Elle lui a été un affreux supplice, et qu’il a enduré avec plus de fierté morale que de patience naturelle. Car il n’était pas, de nature, l’homme d’une tragique destinée. Vif, gai, merveilleusement doué pour la lutte, épris de ses idées, et de leur succès comme du sien, virtuose applaudi des grands jours parlementaires, content de réussites telles que le paradoxe de transformer en un régime de liberté l’Empire autoritaire et d’être, sans mortel accident de doctrines, le ministre de Napoléon III et l’un des rares républicains qu’on ait connus, il avait accompli des prouesses avec facilité.

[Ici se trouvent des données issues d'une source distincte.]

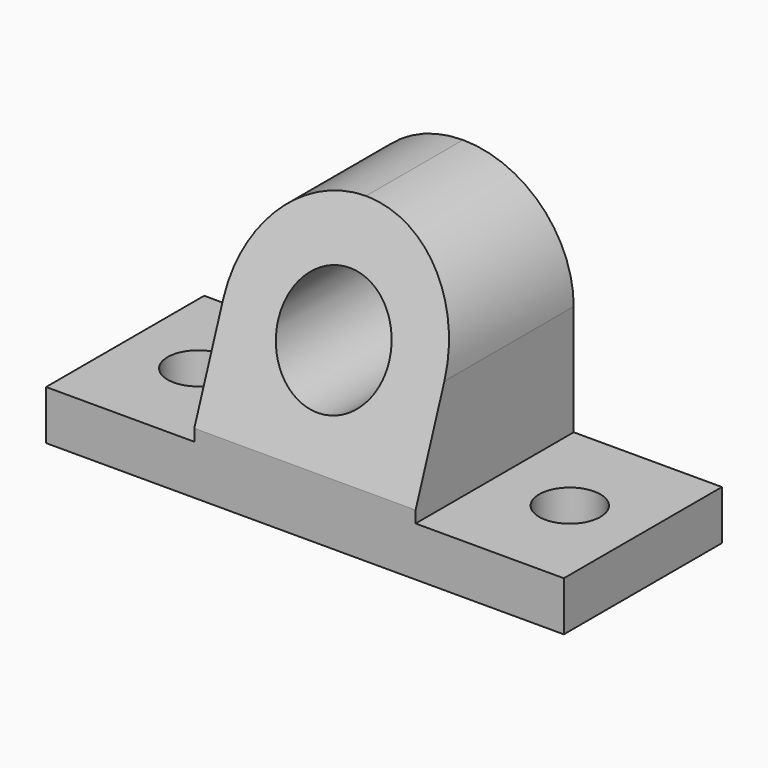
from build123d import *

# Parameters (mm, degrees)
F0_W      = 133.096
F0_H      = 50.8
F1_DEPTH  = 12.7
F2_W      = 56.896
F2_H      = 50.8
F3_DEPTH  = 56.896
F4_SIZE2  = 53.848
F4_SIZE   = 19.6088
F5_R      = 14.2875
F6_DEPTH  = 50.8
F7_R      = 28.44799
F9_R      = 7.874
F8_R      = 7.874
F10_DEPTH = 25.4


# Not quite as in the source:
# - a fillet or chamfer is up to 0.001 mm smaller than in the source, because OpenCascade refuses the exact size


with BuildPart() as f1:
    # F0 (on Top) → F1 (new body)
    with BuildSketch(Plane.XY):
        with Locations((66.548, -25.4)):
            Rectangle(F0_W, F0_H)
    extrude(amount=F1_DEPTH)

    # F2 (on face) → F3 (join)
    with BuildSketch(Plane.XY.offset(12.7)):
        with Locations((66.548, -25.4)):
            Rectangle(F2_W, F2_H)
    extrude(amount=F3_DEPTH)

    # F4
    f4_edges = [f1.edges().sort_by_distance(p)[0] for p in [
        (66.548, -50.8, 69.596),
    ]]
    f4_side = f1.faces().sort_by_distance((66.548, -25.4, 69.596))[0]
    chamfer(f4_edges, length=F4_SIZE, length2=F4_SIZE2, reference=f4_side)

    # F5 (on face) → F6 (cut)
    with BuildSketch(Plane(origin=(0, 0, 0), x_dir=(-1, 0, 0), z_dir=(0, 1, 0))):
        with Locations((-66.548, 41.148)):
            Circle(F5_R)
    extrude(amount=-F6_DEPTH, mode=Mode.SUBTRACT)

    # F7 (radius 28.448 in the source; OpenCascade refuses exactly that, so slightly less here)
    f7_edges = [f1.edges().sort_by_distance(p)[0] for p in [
        (94.996, -15.5956, 69.596),
        (38.1, -15.5956, 69.596),
    ]]
    fillet(f7_edges, radius=F7_R)

    # F9 (on face) + F8 (on face) → F10 (cut)
    with BuildSketch(Plane(origin=(0, 0, 0), x_dir=(1, 0, 0), z_dir=(0, 0, -1))):
        with Locations((18.796, 25.4)):
            Circle(F9_R)
    with BuildSketch(Plane(origin=(0, 0, 0), x_dir=(1, 0, 0), z_dir=(0, 0, -1))):
        with Locations((114.3, 25.4)):
            Circle(F8_R)
    extrude(amount=-F10_DEPTH, mode=Mode.SUBTRACT)


solid = f1.part

Sensible à toutes innovations et trouvailles de l’esprit, dans sa jeunesse ; admirateur de Proudhon, socialiste, comme beaucoup de napoléoniens qui se cherchent ; Provençal, et que la Provence fêtait de cette double aubade : « Vive Emile Ollivier ! vive la République ! » une sagesse attentive le prit de bonne heure et le conduisit par les meilleurs chemins. Sans heurt et sans secousse, il était allé à l’Empire : ou plutôt, il amena l’Empire à lui. Il avait l’intelligence agile et prime-sautière. En outre, il savait travailler, lire, méditer et il portait allègrement l’érudition d’un grand lettré. Les arts le divertissaient et il employait la philosophie à l’ornement de ses convictions spiritualistes. Homme d’Etat, il eut des plaisirs de poète. Puis, il fut, dans son pays, comme un exilé.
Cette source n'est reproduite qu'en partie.